Difficulty: Easy
Correct Answer: Tungsten
Explanation:
Introduction / Context:
Incandescent electric bulbs are among the oldest artificial lighting devices. This question checks whether you remember the standard material used for the glowing filament, which must withstand very high temperatures without melting and should emit visible light efficiently.
Given Data / Assumptions:
• We are talking about a conventional incandescent bulb, not LED or fluorescent lamps.
• The filament is a thin wire coil sealed in a glass bulb filled with inert gas.
• The material must have a very high melting point and suitable electrical resistance.
Concept / Approach:
The filament material must tolerate temperatures of about 2500 to 3000 degrees Celsius, radiate visible light, and have low evaporation at those temperatures. Tungsten has an extremely high melting point, high tensile strength at high temperature and relatively low evaporation rate, so it is ideal. Other metals like copper or iron would melt or evaporate too quickly at the required operating temperature.
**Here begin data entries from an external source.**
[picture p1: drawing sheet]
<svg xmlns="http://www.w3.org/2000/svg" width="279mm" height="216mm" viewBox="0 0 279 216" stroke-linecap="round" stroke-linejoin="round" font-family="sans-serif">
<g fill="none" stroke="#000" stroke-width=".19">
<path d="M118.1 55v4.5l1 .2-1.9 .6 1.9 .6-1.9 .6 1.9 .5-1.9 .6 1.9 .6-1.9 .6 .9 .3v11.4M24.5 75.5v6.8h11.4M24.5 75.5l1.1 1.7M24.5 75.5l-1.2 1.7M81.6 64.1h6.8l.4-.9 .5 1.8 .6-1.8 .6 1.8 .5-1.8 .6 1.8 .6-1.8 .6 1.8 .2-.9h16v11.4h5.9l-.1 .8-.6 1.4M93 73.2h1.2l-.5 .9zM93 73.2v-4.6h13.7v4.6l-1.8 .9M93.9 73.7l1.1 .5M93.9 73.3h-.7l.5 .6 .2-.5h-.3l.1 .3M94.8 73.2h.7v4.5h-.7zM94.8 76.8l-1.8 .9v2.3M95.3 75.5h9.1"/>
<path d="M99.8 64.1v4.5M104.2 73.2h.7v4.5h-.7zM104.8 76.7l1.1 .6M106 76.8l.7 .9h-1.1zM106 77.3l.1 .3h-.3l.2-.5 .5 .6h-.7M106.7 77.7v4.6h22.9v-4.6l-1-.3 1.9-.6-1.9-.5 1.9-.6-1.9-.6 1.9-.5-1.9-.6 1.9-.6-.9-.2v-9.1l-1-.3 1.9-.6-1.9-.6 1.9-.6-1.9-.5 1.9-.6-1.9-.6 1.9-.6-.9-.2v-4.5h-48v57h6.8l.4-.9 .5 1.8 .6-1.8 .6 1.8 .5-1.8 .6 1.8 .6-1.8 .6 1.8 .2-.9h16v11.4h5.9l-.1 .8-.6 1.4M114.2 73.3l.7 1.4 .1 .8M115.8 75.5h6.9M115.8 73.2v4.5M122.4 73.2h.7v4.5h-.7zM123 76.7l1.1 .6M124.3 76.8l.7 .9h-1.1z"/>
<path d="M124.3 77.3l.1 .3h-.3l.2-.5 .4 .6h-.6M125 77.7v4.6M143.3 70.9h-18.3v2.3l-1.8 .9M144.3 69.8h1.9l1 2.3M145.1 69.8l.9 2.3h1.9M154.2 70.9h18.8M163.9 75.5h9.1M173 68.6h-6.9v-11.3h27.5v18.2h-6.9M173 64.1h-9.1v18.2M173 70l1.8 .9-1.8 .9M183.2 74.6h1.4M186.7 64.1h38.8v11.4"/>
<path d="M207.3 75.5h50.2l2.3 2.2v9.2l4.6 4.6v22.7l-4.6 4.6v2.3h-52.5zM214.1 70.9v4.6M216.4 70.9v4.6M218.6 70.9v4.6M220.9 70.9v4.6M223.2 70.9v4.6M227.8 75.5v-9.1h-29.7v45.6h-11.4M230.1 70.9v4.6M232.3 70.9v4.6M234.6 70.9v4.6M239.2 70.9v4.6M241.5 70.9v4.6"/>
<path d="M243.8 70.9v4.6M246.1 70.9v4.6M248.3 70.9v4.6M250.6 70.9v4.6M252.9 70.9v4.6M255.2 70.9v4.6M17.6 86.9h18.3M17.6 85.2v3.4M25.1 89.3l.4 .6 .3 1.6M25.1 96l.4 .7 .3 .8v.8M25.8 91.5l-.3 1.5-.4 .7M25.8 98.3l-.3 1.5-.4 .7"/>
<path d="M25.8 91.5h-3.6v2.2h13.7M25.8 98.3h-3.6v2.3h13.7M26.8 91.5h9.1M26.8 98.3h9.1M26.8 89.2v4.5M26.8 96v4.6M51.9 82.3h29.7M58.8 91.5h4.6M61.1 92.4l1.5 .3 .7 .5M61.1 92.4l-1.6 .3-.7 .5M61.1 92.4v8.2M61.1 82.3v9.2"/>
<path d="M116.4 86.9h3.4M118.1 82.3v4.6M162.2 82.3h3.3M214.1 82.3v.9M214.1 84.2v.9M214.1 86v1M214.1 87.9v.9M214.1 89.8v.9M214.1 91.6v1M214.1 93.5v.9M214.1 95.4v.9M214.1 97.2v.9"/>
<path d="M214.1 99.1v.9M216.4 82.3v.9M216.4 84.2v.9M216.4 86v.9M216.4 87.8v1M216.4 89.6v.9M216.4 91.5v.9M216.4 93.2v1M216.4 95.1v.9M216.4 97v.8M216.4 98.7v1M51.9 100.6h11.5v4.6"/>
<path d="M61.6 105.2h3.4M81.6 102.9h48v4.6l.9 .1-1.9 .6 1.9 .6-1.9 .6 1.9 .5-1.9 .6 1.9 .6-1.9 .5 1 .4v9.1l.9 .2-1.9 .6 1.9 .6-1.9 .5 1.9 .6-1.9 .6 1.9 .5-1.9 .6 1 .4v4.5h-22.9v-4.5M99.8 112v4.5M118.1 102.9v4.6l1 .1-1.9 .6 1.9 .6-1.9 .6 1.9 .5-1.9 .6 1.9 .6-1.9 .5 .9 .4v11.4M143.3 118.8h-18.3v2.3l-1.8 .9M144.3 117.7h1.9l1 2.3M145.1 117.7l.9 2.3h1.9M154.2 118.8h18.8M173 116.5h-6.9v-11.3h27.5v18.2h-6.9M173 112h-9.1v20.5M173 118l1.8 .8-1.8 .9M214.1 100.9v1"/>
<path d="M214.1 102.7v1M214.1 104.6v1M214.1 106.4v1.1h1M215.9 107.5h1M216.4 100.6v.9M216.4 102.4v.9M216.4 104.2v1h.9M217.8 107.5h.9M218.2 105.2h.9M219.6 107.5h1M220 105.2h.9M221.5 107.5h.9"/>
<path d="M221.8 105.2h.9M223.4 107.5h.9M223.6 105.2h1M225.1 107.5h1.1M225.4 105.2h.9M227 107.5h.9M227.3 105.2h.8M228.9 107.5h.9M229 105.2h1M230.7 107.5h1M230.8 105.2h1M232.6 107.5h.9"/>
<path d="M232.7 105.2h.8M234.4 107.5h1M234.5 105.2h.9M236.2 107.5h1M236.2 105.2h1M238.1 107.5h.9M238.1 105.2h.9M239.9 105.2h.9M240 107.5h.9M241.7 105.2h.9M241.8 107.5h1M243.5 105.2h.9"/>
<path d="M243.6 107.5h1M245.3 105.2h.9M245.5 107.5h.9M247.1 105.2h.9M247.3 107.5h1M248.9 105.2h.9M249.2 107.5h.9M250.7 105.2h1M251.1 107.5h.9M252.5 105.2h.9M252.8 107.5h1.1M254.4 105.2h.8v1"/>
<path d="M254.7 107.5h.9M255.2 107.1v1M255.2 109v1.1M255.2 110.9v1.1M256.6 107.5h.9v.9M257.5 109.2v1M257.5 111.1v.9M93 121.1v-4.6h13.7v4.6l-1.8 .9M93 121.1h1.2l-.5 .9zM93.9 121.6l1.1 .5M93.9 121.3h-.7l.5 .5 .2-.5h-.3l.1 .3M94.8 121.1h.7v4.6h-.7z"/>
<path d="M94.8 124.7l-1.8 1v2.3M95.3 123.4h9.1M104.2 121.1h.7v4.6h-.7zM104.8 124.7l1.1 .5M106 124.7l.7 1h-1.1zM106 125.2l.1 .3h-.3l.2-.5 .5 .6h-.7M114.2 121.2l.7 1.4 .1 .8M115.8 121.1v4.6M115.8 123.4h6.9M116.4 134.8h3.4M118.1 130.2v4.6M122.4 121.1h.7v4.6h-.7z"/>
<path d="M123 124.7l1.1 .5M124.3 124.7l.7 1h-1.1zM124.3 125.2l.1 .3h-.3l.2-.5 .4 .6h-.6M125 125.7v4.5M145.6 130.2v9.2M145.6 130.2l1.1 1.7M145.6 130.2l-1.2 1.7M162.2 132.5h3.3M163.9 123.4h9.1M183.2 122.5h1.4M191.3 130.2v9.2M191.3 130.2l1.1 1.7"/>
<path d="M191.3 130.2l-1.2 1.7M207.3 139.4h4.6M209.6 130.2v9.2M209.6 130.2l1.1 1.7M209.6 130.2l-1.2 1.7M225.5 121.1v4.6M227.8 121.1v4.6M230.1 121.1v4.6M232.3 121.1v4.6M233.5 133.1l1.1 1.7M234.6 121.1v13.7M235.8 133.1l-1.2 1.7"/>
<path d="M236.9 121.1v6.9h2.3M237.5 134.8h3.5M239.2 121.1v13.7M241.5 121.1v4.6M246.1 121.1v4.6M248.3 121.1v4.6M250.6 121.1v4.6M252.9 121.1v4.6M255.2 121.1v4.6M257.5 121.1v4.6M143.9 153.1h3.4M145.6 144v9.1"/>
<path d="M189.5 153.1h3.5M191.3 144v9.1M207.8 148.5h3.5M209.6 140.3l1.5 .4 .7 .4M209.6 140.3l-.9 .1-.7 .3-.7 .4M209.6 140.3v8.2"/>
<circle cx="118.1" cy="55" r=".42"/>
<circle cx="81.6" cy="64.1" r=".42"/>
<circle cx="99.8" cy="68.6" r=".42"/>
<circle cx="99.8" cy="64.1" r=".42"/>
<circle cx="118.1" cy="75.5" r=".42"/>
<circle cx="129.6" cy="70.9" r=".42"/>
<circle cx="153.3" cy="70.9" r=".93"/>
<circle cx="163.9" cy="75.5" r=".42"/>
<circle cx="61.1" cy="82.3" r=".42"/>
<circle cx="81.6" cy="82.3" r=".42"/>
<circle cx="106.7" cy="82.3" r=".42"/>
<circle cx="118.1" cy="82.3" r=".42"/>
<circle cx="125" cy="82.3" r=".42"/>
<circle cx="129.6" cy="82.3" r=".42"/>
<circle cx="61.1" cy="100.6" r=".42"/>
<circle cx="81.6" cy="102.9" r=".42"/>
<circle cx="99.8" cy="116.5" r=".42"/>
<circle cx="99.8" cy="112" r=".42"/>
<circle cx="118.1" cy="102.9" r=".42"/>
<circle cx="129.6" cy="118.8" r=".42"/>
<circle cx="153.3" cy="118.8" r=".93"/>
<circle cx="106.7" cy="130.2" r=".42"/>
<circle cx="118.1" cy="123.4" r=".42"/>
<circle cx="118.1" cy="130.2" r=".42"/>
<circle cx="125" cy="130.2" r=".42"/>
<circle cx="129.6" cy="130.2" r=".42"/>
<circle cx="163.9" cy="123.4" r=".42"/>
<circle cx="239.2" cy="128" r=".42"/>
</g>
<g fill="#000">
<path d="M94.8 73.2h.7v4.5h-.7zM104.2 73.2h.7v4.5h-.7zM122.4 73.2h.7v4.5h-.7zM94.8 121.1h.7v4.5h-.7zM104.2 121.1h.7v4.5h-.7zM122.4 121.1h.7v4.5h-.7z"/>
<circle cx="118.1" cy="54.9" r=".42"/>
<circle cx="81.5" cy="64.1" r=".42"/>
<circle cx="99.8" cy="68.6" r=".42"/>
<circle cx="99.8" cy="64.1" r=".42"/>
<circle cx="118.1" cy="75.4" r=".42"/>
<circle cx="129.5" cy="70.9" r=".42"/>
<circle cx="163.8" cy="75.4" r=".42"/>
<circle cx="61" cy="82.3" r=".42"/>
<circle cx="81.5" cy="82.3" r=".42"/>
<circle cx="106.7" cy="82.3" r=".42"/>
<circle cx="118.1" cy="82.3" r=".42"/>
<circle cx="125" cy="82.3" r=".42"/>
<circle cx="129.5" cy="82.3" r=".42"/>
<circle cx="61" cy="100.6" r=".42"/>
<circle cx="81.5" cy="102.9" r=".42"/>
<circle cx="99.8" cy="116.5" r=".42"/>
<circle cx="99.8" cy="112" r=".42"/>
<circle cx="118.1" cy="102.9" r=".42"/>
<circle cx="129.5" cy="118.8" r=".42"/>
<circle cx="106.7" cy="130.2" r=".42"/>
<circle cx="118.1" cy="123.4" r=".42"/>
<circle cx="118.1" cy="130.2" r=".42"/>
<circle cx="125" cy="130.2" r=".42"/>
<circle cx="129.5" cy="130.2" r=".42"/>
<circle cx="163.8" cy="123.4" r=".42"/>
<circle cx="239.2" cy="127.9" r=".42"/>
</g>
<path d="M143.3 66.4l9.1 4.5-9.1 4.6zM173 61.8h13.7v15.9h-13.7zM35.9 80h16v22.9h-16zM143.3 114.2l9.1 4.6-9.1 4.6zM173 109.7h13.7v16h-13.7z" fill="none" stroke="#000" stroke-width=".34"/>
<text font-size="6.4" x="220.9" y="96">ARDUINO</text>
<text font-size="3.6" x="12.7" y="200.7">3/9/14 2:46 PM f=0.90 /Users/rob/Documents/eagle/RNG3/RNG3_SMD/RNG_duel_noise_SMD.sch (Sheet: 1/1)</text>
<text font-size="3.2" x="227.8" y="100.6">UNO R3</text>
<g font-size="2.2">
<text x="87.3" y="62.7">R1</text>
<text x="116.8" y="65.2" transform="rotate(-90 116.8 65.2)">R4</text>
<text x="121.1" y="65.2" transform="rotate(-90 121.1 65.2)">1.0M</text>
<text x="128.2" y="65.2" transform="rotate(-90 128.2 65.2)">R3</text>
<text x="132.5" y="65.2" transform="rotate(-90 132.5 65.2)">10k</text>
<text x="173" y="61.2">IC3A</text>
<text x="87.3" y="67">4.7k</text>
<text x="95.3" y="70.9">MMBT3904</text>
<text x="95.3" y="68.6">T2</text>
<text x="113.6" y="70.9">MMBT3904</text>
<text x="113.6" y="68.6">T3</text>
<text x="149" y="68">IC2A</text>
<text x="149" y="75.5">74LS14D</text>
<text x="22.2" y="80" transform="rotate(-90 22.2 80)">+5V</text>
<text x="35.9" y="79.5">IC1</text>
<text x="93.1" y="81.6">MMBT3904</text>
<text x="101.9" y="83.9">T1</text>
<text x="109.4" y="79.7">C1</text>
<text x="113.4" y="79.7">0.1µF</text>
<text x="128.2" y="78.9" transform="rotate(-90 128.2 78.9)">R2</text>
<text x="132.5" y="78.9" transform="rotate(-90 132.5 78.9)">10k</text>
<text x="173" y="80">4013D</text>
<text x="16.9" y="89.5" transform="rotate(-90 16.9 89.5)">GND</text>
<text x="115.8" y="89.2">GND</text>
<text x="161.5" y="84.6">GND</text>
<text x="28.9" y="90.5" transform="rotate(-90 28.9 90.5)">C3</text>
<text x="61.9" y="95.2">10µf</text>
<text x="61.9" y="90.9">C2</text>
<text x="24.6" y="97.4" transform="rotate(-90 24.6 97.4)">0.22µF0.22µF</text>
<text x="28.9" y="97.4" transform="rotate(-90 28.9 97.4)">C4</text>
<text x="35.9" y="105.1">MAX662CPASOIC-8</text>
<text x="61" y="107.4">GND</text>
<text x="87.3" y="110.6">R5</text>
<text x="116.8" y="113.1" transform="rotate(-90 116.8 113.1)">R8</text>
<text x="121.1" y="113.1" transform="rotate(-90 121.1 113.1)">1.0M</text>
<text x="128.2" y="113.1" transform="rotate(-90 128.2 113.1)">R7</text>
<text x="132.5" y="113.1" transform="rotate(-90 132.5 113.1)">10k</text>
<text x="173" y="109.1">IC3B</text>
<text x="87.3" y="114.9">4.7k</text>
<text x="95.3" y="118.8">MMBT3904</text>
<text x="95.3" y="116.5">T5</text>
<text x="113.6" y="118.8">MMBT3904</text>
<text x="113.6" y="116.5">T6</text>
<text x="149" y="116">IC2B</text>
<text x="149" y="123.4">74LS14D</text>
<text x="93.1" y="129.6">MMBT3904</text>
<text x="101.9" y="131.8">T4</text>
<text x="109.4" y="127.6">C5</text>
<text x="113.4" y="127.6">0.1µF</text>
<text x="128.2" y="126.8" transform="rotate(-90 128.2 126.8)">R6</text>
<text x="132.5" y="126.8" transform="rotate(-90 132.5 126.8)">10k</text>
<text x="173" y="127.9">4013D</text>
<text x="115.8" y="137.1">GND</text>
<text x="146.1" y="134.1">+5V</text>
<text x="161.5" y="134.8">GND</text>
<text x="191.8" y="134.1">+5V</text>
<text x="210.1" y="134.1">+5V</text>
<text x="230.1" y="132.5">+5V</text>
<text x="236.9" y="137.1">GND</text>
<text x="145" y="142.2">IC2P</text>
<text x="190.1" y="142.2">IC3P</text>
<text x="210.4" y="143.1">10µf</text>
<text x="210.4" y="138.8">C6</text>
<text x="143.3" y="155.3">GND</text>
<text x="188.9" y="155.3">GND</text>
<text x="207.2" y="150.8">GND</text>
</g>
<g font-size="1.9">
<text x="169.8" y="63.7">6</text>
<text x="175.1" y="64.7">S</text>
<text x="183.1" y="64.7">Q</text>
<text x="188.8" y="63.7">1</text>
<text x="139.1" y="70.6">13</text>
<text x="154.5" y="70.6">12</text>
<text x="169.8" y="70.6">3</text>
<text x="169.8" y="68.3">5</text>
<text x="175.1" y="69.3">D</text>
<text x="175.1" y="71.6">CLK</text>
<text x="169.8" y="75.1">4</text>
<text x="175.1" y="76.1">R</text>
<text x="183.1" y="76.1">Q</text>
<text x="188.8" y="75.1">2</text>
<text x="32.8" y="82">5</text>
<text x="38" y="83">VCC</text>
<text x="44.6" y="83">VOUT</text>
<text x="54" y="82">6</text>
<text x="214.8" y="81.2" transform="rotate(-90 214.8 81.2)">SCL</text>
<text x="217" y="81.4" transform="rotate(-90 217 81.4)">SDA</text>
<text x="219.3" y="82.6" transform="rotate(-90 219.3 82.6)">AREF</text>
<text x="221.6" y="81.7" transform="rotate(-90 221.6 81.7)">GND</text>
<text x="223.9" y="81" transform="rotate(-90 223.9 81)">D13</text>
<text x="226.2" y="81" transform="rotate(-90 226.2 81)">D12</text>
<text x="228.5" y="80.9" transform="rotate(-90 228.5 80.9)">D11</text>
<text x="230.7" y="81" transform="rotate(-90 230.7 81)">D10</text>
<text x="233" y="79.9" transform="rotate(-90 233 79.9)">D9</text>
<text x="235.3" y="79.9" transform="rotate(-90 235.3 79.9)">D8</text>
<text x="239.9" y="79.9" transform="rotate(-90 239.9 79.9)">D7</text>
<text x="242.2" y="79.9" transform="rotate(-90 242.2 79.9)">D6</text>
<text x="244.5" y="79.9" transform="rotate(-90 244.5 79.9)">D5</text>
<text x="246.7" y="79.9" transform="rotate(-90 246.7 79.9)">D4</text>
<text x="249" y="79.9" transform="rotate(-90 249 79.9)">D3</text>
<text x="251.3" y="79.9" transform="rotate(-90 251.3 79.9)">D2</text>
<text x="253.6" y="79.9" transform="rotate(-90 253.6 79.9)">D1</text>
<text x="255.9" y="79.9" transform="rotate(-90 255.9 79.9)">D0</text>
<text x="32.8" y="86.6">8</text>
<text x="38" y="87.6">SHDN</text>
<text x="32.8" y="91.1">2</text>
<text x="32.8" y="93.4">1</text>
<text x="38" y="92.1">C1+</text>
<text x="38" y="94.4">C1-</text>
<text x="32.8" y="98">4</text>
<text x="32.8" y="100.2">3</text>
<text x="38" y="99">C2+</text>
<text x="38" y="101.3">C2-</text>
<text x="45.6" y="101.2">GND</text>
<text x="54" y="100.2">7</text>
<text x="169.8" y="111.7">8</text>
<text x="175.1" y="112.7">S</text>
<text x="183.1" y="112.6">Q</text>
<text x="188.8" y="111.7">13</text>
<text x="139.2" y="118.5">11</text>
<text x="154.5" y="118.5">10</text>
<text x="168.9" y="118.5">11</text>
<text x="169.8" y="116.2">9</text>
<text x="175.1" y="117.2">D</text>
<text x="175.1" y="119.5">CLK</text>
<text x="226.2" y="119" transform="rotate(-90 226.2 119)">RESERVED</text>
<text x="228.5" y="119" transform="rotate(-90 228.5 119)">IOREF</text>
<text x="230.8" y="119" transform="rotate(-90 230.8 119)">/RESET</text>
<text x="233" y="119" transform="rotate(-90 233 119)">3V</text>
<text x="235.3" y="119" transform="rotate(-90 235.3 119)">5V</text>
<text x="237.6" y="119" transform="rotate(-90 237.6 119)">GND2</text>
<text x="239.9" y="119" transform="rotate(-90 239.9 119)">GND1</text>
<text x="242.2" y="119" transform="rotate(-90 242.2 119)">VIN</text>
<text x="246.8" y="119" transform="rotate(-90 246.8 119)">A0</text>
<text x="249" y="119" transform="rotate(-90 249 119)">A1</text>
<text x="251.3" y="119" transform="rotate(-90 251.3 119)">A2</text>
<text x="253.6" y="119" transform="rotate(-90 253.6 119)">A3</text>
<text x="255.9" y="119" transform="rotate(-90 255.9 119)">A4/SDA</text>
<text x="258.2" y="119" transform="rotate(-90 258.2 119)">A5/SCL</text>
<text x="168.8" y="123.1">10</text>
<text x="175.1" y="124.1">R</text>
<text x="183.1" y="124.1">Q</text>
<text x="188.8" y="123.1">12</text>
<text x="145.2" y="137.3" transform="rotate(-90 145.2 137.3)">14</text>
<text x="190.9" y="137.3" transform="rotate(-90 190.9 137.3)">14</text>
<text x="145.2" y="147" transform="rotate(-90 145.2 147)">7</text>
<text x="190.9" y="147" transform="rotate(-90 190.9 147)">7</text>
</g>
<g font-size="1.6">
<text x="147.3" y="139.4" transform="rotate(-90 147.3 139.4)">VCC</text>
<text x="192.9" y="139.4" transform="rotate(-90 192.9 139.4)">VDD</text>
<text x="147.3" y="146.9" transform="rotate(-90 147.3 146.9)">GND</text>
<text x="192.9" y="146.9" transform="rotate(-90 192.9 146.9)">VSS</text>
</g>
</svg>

Nichrome and graphite have uses in heaters or electrodes but not as standard incandescent filaments in household bulbs.
Step-by-Step Solution:
Step 1: Recall that the filament in an incandescent bulb operates at a very high temperature to emit visible light due to incandescence.
Step 2: Note that tungsten has a melting point above 3400 degrees Celsius, which is higher than most common metals.
Step 3: Compare alternative materials. Copper and iron melt at much lower temperatures and would fail in normal bulb conditions.
Step 4: Nichrome is used in heating elements, but it does not emit as efficient visible light as tungsten when used as a filament in a small bulb.
Step 5: Therefore, the correct choice for the filament material is tungsten.
Verification / Alternative check:
If you look at technical specifications of incandescent bulbs or science textbooks, you will consistently see the phrase tungsten filament. Many exam questions specifically mention tungsten as a key example of a metal with a high melting point used for lamp filaments, which confirms this choice.
Why Other Options Are Wrong:
Nichrome: Commonly used in electric heaters and toasters, but not in standard bulb filaments because its light output is not as efficient for illumination.
Graphite: Used as an electrode material and in older arc lamps, but not in modern incandescent bulbs; it is also brittle in thin wire form.
Iron: Melts at much lower temperature and would oxidise and fail rapidly in a bulb environment.
Copper: Excellent conductor but low resistance and lower melting point, so it cannot serve as a hot, glowing filament in air or inert gas at such high temperatures.
Common Pitfalls:
A frequent mistake is to confuse heating element materials like nichrome with filament materials. Another confusion arises when students think that good conductors like copper are best for all electrical uses, forgetting that in a filament some resistance and very high temperature tolerance are actually required.
Final Answer:
The filament of a conventional electric bulb is made of Tungsten wire.